Required action: Please repeat only the lines below starting at the line that holds "At the start: 75.5" and ending at the line that holds "Logic for power management", exactly, with both of those lines included and every picture omitted.
START Task inputs
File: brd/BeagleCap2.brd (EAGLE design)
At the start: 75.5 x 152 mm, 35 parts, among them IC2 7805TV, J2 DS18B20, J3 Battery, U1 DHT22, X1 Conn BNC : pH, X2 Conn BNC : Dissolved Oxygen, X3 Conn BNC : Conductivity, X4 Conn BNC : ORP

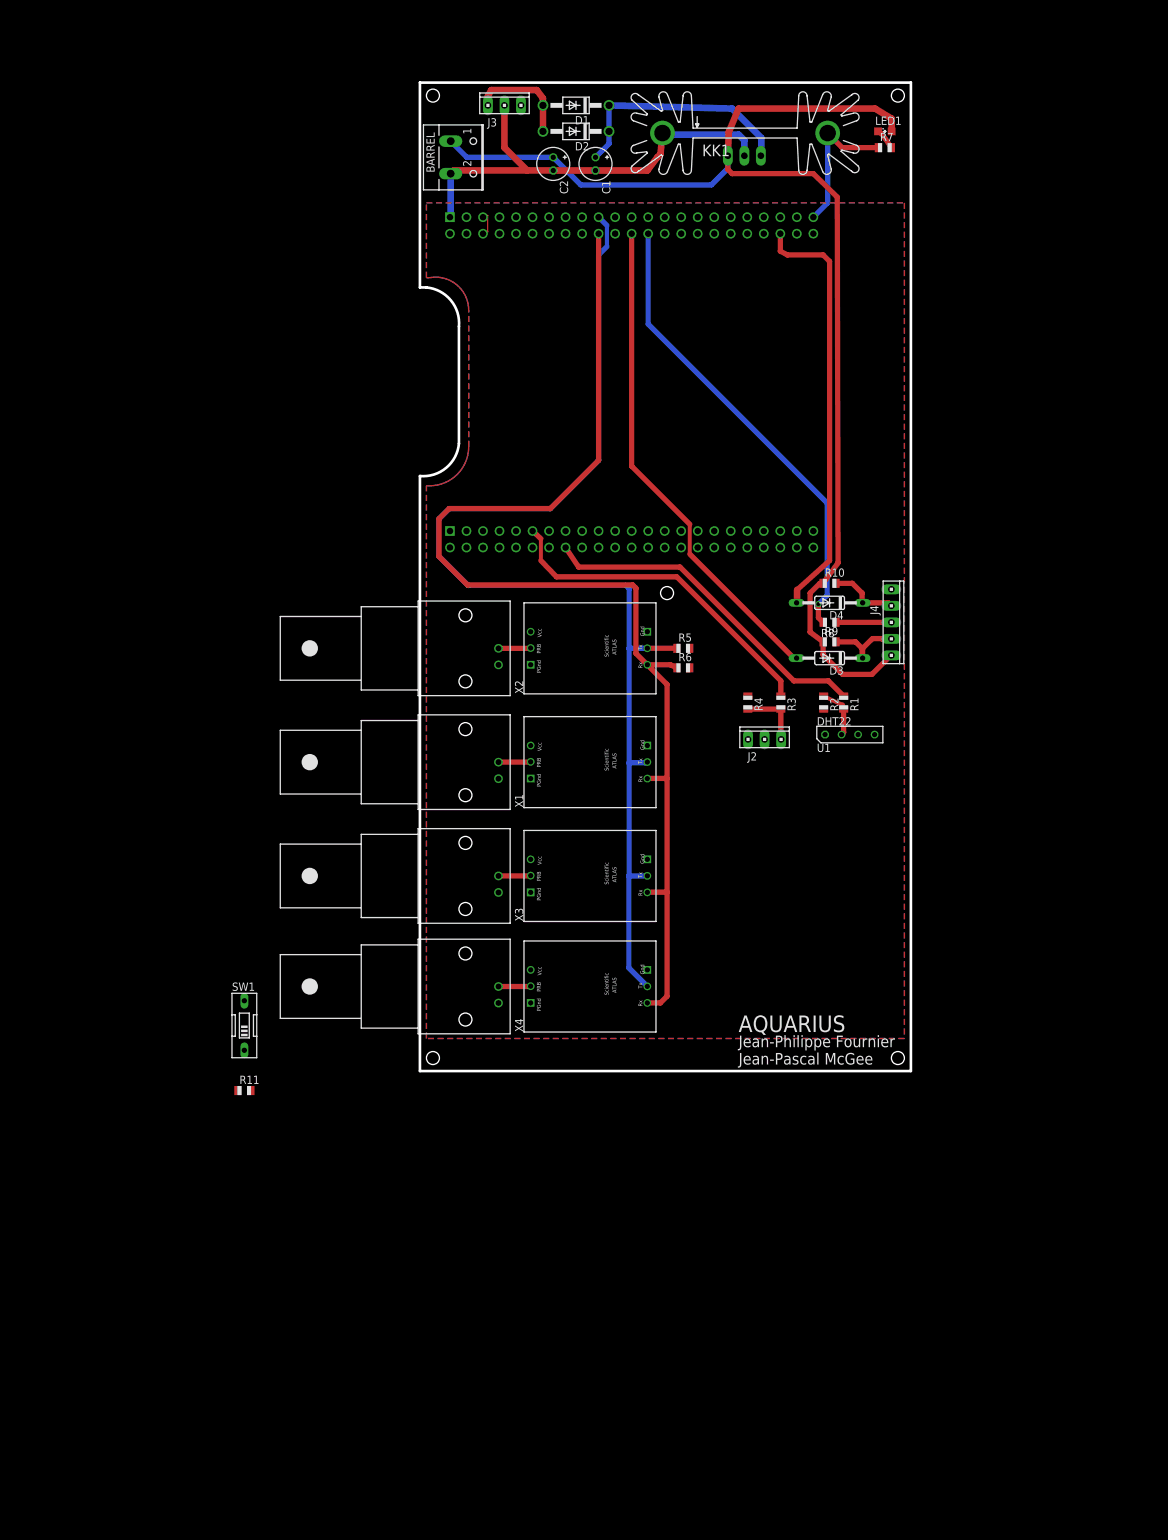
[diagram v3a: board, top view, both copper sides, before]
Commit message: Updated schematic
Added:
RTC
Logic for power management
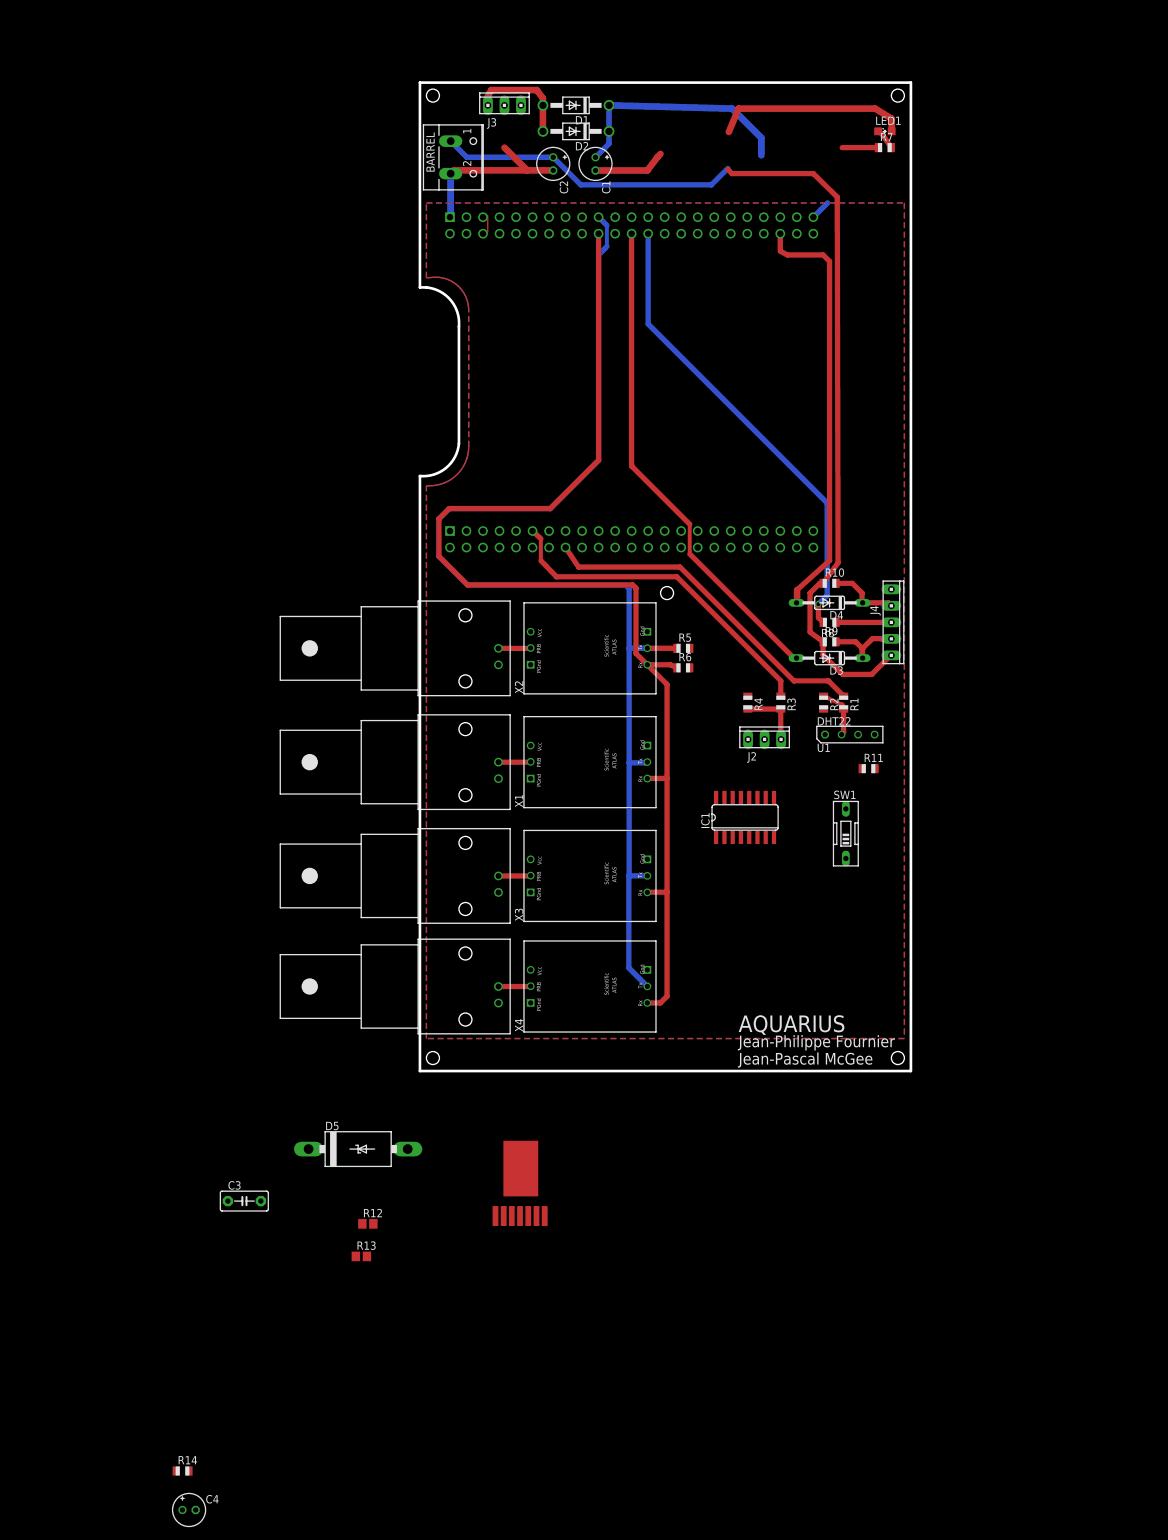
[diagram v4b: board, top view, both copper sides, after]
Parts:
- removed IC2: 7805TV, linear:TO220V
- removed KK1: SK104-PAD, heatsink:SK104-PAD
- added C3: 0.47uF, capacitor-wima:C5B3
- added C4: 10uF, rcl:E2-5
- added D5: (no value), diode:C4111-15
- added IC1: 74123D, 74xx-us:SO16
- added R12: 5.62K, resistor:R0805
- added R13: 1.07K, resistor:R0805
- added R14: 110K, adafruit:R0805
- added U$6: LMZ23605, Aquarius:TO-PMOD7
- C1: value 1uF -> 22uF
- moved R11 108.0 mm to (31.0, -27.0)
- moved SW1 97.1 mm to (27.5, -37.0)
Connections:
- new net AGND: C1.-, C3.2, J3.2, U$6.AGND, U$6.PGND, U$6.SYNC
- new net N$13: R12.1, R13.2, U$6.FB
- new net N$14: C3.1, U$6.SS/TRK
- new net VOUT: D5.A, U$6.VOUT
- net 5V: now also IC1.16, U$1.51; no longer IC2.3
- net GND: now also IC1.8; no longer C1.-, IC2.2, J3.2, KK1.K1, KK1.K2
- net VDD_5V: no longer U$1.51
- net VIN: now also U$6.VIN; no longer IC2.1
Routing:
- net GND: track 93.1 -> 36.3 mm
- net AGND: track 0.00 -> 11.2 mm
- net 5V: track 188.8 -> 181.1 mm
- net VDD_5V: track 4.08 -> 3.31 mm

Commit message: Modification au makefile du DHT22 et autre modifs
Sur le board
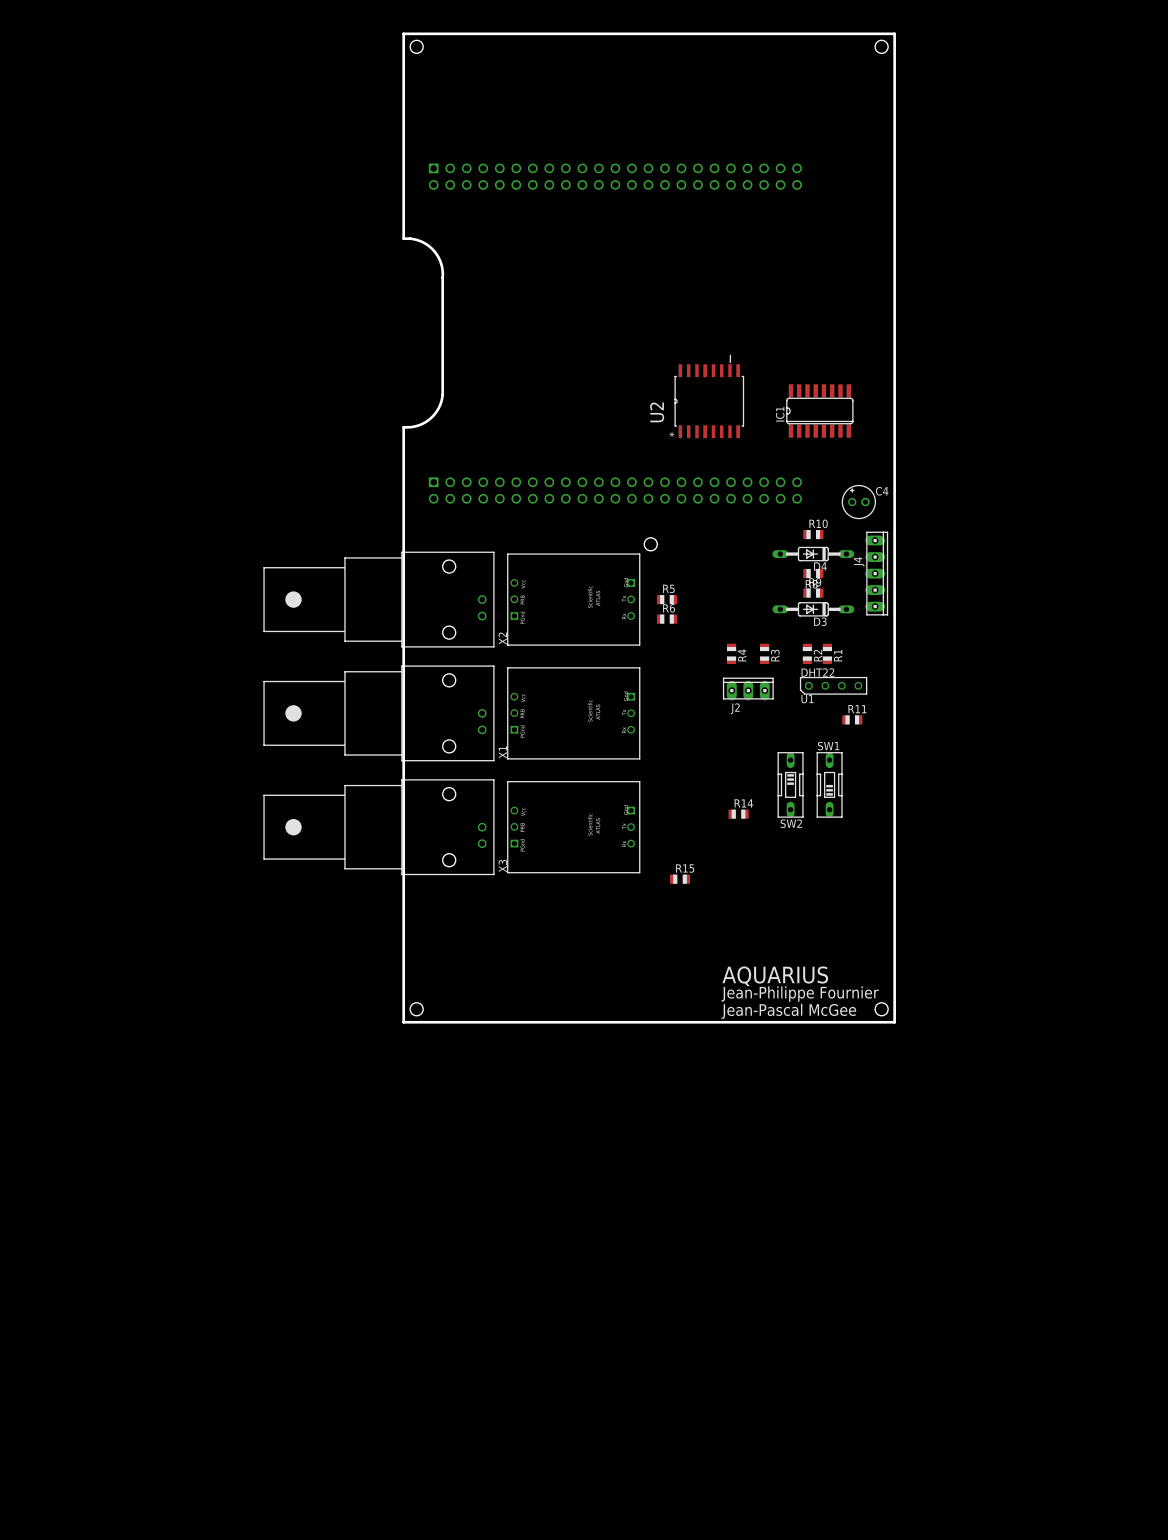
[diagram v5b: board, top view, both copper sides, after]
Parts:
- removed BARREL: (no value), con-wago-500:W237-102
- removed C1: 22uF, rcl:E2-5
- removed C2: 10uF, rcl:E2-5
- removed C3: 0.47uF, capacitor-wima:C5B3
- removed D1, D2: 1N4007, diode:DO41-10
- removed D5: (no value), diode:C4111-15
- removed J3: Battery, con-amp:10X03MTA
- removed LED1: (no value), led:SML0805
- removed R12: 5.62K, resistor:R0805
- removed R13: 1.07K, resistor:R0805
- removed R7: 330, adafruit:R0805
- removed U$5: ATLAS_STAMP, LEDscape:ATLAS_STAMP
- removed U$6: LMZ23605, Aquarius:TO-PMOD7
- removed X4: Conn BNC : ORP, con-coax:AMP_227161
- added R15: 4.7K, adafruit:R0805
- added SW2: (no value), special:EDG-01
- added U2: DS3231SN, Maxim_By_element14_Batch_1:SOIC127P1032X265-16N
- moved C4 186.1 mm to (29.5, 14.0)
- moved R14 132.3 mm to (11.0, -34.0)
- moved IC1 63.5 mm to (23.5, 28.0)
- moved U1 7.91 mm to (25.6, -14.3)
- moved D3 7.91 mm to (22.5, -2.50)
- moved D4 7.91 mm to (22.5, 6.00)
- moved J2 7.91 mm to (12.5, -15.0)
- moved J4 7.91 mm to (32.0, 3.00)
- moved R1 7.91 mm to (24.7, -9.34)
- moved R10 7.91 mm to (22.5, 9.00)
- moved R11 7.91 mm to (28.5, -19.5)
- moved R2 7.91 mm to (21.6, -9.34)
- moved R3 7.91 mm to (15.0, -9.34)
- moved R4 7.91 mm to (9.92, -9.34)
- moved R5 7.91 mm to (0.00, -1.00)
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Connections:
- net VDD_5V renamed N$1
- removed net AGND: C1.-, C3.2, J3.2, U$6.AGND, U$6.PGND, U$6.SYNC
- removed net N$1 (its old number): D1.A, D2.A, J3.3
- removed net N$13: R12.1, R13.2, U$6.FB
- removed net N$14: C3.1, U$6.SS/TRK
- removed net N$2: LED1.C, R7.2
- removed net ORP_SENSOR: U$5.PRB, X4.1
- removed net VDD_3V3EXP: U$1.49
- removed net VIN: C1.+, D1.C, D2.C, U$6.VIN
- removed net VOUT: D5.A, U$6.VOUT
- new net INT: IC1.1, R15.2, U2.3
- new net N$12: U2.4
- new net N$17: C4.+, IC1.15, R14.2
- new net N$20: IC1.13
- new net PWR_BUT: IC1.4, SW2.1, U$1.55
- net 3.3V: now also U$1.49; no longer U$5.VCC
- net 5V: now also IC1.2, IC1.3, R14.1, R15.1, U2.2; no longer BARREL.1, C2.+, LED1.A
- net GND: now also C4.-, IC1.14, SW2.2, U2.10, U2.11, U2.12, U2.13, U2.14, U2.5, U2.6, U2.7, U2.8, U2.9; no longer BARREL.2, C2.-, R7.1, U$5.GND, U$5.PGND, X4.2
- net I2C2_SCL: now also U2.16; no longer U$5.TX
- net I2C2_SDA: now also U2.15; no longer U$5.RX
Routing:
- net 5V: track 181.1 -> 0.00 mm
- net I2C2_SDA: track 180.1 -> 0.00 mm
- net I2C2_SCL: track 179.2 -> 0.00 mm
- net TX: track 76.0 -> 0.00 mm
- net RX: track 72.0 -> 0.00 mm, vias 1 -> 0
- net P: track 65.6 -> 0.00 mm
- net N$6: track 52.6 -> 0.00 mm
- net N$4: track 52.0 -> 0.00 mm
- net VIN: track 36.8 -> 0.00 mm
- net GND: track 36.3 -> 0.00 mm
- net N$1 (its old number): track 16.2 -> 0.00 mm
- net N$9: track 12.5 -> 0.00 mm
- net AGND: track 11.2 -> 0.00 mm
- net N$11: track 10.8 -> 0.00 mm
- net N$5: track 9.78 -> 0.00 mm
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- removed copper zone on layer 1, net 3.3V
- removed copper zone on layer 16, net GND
END Task inputs
Task answer:
At the start: 75.5 x 152 mm, 35 parts, among them IC2 7805TV, J2 DS18B20, J3 Battery, U1 DHT22, X1 Conn BNC : pH, X2 Conn BNC : Dissolved Oxygen, X3 Conn BNC : Conductivity, X4 Conn BNC : ORP

[diagram v3a: board, top view, both copper sides, before]
Commit message: Updated schematic
Added:
RTC
Logic for power management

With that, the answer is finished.